Task item =>
Would you repeat every entry below word for word but drop the images?

*** Extracted material ***

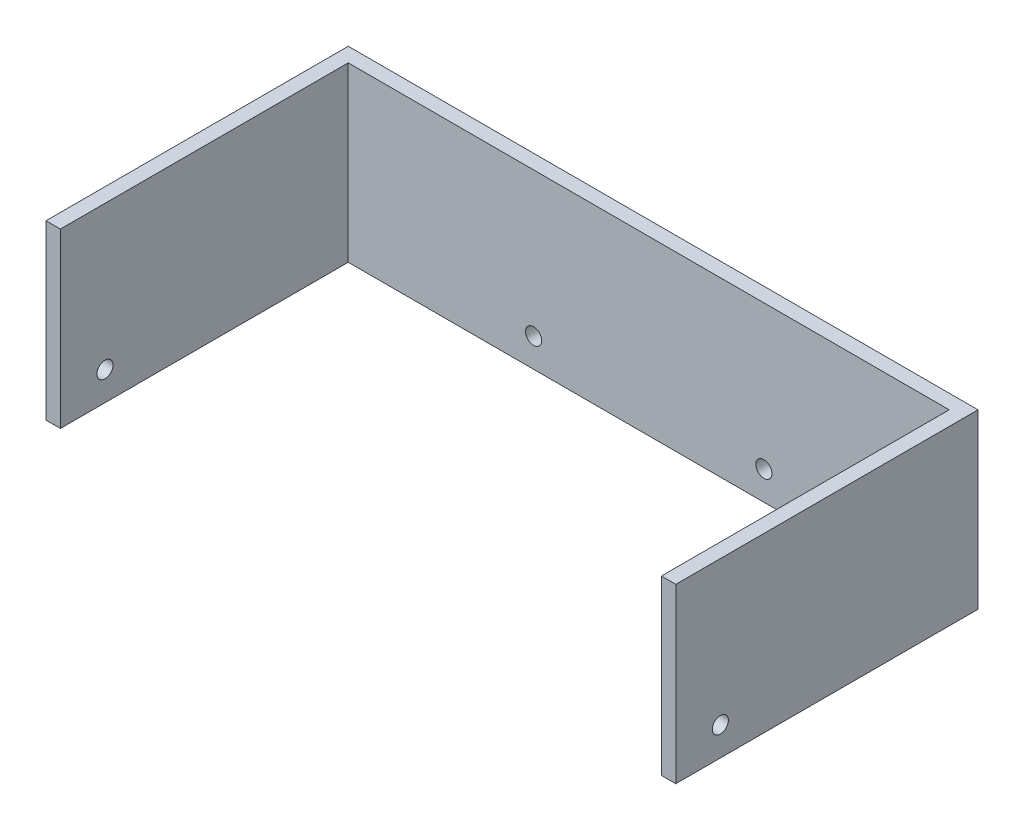
from build123d import *

# Parameters (mm, degrees)
SKETCH1_W           = 138.92560988
SKETCH1_H           = 12.7
SKETCH1_R           = 1.778
BOSS_EXTRUDE1_DEPTH = 3.175
SKETCH2_W           = 3.175
SKETCH2_H           = 12.7
BOSS_EXTRUDE2_DEPTH = 63.5
SKETCH3_R           = 1.778
CUT_EXTRUDE1_DEPTH  = 152.4
BOSS_EXTRUDE3_DEPTH = 25.4


with BuildPart() as part:
    # Sketch1 → Boss-Extrude1 (new body)
    with BuildSketch(Plane.XY):
        with Locations((-69.46280494, -6.35)):
            Rectangle(SKETCH1_W, SKETCH1_H)
        with Locations((-94.86280494, -6.35)):
            Circle(SKETCH1_R, mode=Mode.SUBTRACT)
        with Locations((-44.06280494, -6.35)):
            Circle(SKETCH1_R, mode=Mode.SUBTRACT)
    extrude(amount=BOSS_EXTRUDE1_DEPTH)

    # Sketch2 → Boss-Extrude2 (add)
    with BuildSketch(Plane.XY.offset(3.175)):
        with Locations((-137.33810988, -6.35)):
            Rectangle(SKETCH2_W, SKETCH2_H)
        with Locations((-1.5875, -6.35)):
            Rectangle(SKETCH2_W, SKETCH2_H)
    extrude(amount=BOSS_EXTRUDE2_DEPTH)

    # Sketch3 → Cut-Extrude1 (cut)
    with BuildSketch(Plane(origin=(0, 0, 0), x_dir=(0, 0, -1), z_dir=(1, 0, 0))):
        with Locations((-56.840236332, -6.35)):
            Circle(SKETCH3_R)
    extrude(amount=-CUT_EXTRUDE1_DEPTH, mode=Mode.SUBTRACT)

    # Sketch4 → Boss-Extrude3 (add)
    with BuildSketch(Plane(origin=(0, 0, 0), x_dir=(1, 0, 0), z_dir=(0, 1, 0))):
        Polygon((-135.75060988, -66.675), (-138.92560988, -66.675), (-138.92560988, 0), (0, 0), (0, -66.675), (-3.175, -66.675), (-3.175, -3.175), (-135.75060988, -3.175), align=None)
    extrude(amount=BOSS_EXTRUDE3_DEPTH)


solid = part.part

*** End of Extracted material ***

Task solution =>
from build123d import *

# Parameters (mm, degrees)
SKETCH1_W           = 138.92560988
SKETCH1_H           = 12.7
SKETCH1_R           = 1.778
BOSS_EXTRUDE1_DEPTH = 3.175
SKETCH2_W           = 3.175
SKETCH2_H           = 12.7
BOSS_EXTRUDE2_DEPTH = 63.5
SKETCH3_R           = 1.778
CUT_EXTRUDE1_DEPTH  = 152.4
BOSS_EXTRUDE3_DEPTH = 25.4


with BuildPart() as part:
    # Sketch1 → Boss-Extrude1 (new body)
    with BuildSketch(Plane.XY):
        with Locations((-69.46280494, -6.35)):
            Rectangle(SKETCH1_W, SKETCH1_H)
        with Locations((-94.86280494, -6.35)):
            Circle(SKETCH1_R, mode=Mode.SUBTRACT)
        with Locations((-44.06280494, -6.35)):
            Circle(SKETCH1_R, mode=Mode.SUBTRACT)
    extrude(amount=BOSS_EXTRUDE1_DEPTH)

    # Sketch2 → Boss-Extrude2 (add)
    with BuildSketch(Plane.XY.offset(3.175)):
        with Locations((-137.33810988, -6.35)):
            Rectangle(SKETCH2_W, SKETCH2_H)
        with Locations((-1.5875, -6.35)):
            Rectangle(SKETCH2_W, SKETCH2_H)
    extrude(amount=BOSS_EXTRUDE2_DEPTH)

    # Sketch3 → Cut-Extrude1 (cut)
    with BuildSketch(Plane(origin=(0, 0, 0), x_dir=(0, 0, -1), z_dir=(1, 0, 0))):
        with Locations((-56.840236332, -6.35)):
            Circle(SKETCH3_R)
    extrude(amount=-CUT_EXTRUDE1_DEPTH, mode=Mode.SUBTRACT)

    # Sketch4 → Boss-Extrude3 (add)
    with BuildSketch(Plane(origin=(0, 0, 0), x_dir=(1, 0, 0), z_dir=(0, 1, 0))):
        Polygon((-135.75060988, -66.675), (-138.92560988, -66.675), (-138.92560988, 0), (0, 0), (0, -66.675), (-3.175, -66.675), (-3.175, -3.175), (-135.75060988, -3.175), align=None)
    extrude(amount=BOSS_EXTRUDE3_DEPTH)


solid = part.part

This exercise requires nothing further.